*Material for the task*:
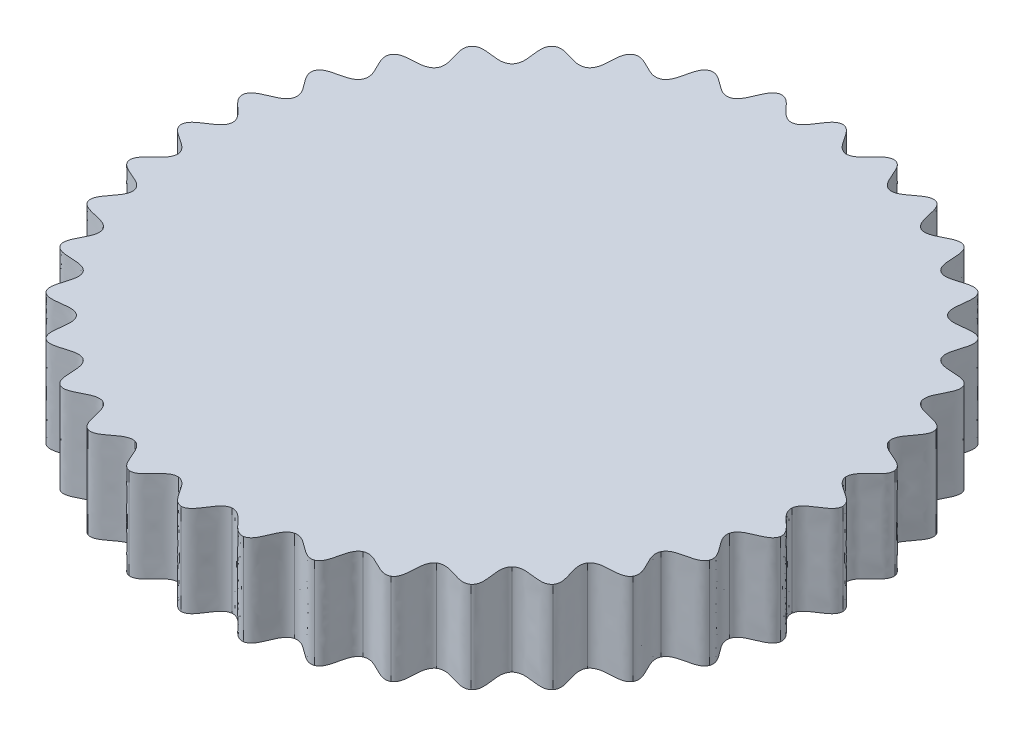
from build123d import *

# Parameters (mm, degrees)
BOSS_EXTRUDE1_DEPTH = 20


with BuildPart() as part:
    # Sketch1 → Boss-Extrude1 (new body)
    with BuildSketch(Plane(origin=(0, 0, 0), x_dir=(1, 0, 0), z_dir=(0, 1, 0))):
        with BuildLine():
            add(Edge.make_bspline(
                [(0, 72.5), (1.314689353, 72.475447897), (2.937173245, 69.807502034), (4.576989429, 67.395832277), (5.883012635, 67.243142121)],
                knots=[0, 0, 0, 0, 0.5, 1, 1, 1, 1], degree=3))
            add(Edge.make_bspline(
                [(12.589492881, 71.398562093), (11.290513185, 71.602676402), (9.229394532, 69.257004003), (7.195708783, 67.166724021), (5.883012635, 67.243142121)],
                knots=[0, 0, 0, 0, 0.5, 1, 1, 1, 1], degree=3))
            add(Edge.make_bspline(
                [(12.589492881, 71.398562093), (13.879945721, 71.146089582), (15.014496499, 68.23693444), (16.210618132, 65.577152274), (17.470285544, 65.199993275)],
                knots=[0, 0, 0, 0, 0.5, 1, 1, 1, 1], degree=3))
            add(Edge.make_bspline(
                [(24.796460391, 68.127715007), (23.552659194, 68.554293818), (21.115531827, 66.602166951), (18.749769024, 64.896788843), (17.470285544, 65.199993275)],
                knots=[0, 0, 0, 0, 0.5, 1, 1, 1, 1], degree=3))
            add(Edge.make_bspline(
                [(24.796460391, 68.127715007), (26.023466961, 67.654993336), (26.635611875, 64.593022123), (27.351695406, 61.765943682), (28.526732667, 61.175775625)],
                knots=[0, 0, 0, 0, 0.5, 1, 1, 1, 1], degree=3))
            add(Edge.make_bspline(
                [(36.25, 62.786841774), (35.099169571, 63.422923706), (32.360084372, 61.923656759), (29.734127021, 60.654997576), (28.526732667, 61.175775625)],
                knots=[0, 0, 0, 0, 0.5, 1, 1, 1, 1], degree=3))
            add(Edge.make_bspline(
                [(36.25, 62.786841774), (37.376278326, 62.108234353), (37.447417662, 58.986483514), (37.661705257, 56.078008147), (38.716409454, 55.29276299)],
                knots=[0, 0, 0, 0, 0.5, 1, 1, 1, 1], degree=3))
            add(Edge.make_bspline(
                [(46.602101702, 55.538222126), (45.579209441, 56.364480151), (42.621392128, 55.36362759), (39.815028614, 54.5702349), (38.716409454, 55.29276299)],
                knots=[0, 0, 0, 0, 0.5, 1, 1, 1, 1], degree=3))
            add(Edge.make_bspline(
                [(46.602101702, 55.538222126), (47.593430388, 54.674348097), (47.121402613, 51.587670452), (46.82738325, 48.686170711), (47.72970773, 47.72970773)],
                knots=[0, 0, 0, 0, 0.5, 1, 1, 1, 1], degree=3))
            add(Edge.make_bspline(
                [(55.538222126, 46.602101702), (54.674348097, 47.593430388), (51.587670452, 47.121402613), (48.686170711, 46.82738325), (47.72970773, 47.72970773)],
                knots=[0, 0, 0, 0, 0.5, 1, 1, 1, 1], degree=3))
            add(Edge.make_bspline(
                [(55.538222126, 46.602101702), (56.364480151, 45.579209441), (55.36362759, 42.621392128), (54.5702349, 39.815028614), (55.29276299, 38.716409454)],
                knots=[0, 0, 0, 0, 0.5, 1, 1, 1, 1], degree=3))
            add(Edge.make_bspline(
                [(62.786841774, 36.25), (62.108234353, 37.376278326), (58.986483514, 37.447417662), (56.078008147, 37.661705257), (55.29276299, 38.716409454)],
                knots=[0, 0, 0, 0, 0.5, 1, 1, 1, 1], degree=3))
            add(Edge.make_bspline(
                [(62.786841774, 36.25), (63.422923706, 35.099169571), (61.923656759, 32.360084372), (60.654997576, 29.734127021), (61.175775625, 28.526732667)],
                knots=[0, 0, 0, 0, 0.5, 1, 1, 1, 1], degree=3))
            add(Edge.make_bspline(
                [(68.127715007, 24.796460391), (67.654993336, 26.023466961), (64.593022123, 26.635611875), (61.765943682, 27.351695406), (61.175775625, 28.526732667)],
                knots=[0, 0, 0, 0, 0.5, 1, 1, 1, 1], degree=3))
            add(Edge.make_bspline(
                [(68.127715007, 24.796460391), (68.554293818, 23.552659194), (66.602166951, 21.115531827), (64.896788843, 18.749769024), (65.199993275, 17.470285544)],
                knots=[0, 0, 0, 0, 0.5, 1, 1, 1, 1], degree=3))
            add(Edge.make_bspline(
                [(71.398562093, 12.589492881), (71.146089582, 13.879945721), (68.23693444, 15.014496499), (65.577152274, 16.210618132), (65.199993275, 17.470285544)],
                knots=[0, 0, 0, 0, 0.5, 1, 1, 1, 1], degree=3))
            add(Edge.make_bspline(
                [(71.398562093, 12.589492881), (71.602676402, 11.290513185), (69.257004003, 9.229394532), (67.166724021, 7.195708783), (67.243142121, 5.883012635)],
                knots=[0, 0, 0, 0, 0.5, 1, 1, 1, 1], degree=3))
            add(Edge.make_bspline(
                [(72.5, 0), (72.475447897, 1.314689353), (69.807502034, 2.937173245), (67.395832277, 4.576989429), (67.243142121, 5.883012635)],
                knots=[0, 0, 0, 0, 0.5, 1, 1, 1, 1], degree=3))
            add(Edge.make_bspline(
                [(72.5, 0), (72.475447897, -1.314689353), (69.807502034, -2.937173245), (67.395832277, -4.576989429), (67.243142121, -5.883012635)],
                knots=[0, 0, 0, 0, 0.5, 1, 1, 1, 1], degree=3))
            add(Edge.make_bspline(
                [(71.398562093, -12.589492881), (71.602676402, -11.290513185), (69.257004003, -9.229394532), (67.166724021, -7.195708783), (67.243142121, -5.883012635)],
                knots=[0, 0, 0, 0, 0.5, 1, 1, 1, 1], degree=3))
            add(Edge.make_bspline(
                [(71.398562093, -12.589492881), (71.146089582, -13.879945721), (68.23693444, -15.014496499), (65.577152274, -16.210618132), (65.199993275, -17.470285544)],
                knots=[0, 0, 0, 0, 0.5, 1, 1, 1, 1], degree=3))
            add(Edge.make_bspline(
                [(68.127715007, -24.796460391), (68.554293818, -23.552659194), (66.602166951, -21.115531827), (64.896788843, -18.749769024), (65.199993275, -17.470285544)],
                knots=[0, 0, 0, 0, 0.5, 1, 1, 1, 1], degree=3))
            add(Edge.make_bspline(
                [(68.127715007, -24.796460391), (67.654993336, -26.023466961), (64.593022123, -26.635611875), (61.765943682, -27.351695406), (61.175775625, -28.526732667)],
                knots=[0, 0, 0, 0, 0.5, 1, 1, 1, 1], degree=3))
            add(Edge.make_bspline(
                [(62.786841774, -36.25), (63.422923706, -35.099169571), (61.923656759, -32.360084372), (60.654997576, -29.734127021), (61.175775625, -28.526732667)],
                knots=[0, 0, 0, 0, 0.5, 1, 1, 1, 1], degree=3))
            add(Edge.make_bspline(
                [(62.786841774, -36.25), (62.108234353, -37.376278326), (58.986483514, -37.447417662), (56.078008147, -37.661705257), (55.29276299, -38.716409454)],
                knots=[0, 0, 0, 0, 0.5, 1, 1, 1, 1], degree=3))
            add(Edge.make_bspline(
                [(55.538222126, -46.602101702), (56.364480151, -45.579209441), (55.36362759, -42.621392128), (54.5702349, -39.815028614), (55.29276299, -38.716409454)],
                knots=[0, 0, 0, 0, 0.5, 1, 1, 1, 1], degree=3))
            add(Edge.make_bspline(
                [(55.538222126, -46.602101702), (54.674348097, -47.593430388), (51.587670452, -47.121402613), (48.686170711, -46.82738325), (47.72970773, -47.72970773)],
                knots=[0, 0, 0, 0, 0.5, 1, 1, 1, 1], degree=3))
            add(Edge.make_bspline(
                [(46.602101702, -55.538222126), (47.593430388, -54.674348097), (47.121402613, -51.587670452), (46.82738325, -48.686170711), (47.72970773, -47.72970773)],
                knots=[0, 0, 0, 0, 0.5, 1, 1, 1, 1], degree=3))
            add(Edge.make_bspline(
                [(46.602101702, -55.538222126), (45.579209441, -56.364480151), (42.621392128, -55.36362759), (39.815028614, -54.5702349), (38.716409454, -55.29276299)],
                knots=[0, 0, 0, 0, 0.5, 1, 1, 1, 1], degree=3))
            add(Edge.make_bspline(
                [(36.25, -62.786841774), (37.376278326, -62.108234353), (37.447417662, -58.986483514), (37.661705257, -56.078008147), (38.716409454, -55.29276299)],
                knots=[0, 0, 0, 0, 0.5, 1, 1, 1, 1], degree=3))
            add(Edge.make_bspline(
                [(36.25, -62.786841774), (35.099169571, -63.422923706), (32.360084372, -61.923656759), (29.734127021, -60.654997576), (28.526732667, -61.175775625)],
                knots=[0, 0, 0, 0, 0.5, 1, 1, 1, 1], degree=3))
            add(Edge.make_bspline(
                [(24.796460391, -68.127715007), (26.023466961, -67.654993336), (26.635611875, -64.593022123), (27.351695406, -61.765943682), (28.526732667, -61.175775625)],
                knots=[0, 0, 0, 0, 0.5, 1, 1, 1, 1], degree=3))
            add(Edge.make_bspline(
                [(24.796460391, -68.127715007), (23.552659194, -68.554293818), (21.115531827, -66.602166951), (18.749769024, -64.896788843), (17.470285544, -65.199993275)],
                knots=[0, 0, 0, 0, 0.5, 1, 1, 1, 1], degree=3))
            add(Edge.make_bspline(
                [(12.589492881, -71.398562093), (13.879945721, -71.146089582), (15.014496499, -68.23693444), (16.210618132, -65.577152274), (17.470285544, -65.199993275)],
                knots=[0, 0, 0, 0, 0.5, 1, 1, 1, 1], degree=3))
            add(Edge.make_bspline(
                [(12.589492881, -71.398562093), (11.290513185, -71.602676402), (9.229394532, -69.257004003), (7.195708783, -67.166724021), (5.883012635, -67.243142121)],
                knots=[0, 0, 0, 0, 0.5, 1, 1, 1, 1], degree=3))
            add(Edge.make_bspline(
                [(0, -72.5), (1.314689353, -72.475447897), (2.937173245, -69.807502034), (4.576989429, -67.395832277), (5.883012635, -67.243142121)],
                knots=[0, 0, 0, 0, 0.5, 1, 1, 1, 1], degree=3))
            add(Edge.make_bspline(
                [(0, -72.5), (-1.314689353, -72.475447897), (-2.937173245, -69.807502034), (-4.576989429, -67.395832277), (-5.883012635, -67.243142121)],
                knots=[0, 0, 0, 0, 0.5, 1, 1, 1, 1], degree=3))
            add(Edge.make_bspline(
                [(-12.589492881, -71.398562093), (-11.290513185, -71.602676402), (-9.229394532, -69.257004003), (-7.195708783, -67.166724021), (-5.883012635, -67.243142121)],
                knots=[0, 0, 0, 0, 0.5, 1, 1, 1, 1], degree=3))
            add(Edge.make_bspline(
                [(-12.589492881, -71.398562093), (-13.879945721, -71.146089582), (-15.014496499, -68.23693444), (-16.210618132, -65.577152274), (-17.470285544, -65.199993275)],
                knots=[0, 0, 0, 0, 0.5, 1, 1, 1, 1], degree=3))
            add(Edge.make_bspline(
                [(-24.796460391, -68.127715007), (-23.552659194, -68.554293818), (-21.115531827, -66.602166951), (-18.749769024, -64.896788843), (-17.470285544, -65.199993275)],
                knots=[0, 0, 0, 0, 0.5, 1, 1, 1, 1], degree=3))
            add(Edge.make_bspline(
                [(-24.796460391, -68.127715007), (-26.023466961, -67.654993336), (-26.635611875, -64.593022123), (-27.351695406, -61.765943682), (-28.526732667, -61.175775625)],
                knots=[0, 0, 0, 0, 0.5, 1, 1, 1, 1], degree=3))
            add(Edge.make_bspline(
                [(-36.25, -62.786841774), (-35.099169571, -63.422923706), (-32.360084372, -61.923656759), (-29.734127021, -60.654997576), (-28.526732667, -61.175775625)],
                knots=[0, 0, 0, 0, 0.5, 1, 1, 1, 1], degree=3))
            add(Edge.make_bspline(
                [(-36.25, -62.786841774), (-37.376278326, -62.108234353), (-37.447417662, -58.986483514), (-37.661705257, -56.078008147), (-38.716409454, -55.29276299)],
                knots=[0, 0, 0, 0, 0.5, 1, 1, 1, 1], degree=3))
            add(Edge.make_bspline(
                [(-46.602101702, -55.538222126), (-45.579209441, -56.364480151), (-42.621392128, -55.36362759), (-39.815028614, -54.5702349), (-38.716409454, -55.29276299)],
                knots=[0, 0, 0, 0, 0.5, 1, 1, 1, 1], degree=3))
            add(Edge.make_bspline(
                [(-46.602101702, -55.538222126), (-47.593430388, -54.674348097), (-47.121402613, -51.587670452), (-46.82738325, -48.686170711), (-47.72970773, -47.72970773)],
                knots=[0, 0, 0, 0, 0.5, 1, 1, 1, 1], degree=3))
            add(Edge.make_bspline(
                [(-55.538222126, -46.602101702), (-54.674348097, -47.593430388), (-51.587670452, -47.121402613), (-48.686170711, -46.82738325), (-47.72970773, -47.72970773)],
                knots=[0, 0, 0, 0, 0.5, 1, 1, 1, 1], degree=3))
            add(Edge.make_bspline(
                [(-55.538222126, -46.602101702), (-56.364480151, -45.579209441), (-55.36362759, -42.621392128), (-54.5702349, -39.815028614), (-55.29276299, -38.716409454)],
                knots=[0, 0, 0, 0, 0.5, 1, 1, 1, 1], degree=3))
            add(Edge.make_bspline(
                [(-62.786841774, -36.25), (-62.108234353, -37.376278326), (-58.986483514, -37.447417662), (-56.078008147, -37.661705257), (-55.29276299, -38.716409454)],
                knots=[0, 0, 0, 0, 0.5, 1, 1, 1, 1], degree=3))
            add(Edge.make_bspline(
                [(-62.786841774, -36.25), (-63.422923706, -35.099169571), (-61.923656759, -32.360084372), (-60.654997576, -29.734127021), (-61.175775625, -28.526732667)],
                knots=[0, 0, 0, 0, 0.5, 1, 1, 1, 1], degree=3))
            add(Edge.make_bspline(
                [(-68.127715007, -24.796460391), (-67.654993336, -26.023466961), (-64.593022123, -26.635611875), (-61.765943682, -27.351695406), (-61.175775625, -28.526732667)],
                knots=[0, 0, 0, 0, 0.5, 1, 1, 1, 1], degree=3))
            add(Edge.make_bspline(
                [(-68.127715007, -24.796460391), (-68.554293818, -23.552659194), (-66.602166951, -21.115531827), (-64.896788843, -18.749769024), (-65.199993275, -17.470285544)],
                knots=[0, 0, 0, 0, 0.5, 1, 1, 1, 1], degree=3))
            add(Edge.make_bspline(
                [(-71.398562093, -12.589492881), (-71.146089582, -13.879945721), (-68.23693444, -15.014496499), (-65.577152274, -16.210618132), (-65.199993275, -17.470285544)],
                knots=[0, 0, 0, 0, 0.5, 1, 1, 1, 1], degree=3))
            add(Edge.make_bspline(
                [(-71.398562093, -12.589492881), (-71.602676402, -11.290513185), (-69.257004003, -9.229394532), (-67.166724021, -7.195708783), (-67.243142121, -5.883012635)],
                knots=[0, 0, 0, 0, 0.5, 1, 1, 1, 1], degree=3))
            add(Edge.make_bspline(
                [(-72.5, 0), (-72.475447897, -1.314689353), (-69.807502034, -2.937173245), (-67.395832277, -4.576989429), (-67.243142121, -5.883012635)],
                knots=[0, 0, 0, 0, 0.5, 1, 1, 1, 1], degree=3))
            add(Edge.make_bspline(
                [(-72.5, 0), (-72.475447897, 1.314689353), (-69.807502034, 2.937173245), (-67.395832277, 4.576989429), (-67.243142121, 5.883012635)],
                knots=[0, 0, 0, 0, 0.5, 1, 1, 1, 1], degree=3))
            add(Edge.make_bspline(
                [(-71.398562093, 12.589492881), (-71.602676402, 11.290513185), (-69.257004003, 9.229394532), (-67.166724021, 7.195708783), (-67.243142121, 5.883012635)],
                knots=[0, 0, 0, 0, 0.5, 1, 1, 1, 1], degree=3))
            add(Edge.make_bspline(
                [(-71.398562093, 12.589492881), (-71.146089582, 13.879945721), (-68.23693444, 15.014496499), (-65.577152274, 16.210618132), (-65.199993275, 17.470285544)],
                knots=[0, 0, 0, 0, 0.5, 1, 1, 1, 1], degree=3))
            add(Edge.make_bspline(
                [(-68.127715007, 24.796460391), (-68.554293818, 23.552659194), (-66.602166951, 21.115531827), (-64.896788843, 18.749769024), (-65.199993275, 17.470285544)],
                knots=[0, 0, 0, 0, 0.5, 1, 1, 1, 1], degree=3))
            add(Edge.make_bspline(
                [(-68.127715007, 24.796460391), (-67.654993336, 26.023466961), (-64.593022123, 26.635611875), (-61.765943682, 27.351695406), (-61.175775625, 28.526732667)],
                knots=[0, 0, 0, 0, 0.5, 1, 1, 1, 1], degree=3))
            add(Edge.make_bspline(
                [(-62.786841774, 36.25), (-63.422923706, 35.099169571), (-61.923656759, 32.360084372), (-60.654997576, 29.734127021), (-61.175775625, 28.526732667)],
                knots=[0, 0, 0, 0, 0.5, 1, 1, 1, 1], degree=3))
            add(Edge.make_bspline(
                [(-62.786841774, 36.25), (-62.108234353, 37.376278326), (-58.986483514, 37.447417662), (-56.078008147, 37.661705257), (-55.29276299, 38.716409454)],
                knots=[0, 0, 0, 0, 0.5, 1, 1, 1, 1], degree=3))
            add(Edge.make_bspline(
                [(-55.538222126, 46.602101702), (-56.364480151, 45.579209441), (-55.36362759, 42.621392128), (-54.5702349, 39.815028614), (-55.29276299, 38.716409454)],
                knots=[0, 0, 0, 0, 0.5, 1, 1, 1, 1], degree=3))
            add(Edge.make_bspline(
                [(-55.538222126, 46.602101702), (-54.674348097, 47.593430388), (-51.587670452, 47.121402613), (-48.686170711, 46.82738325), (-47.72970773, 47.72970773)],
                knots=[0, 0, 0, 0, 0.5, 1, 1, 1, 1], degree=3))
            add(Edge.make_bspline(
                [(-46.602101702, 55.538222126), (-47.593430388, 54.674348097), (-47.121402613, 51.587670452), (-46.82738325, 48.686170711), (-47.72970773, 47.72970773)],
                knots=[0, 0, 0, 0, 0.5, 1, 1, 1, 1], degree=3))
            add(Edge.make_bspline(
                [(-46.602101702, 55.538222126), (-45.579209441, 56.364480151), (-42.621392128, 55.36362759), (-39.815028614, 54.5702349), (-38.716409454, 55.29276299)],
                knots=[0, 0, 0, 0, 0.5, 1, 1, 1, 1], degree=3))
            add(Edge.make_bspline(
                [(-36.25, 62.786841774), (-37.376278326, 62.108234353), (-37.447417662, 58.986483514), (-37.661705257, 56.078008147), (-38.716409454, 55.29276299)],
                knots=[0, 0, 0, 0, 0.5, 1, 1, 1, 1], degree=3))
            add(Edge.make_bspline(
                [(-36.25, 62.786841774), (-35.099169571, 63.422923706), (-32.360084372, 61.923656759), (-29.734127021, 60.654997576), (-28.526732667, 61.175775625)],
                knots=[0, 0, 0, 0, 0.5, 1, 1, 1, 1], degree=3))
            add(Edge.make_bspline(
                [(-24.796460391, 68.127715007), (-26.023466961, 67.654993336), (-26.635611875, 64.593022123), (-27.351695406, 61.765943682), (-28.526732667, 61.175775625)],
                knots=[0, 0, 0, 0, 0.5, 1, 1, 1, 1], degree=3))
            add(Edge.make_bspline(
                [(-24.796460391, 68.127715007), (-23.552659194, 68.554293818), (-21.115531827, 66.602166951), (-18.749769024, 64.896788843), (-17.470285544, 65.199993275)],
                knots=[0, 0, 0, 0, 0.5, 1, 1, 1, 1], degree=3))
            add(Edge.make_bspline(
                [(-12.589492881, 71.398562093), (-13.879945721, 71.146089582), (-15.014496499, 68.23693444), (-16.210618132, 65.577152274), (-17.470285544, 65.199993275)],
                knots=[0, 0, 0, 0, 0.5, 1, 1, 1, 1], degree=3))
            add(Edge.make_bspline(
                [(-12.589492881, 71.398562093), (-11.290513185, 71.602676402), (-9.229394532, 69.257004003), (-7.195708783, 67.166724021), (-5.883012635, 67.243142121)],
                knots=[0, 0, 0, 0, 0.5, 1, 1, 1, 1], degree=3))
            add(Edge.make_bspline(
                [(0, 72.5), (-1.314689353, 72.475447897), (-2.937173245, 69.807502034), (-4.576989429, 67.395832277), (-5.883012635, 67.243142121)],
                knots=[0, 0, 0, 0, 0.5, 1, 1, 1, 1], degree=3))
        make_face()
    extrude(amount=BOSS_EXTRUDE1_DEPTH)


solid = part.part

*What the task asks*: Search the listing for the word "with" and return each line that holds it.

*Exercise solution*:
with BuildPart() as part:
    with BuildSketch(Plane(origin=(0, 0, 0), x_dir=(1, 0, 0), z_dir=(0, 1, 0))):
        with BuildLine():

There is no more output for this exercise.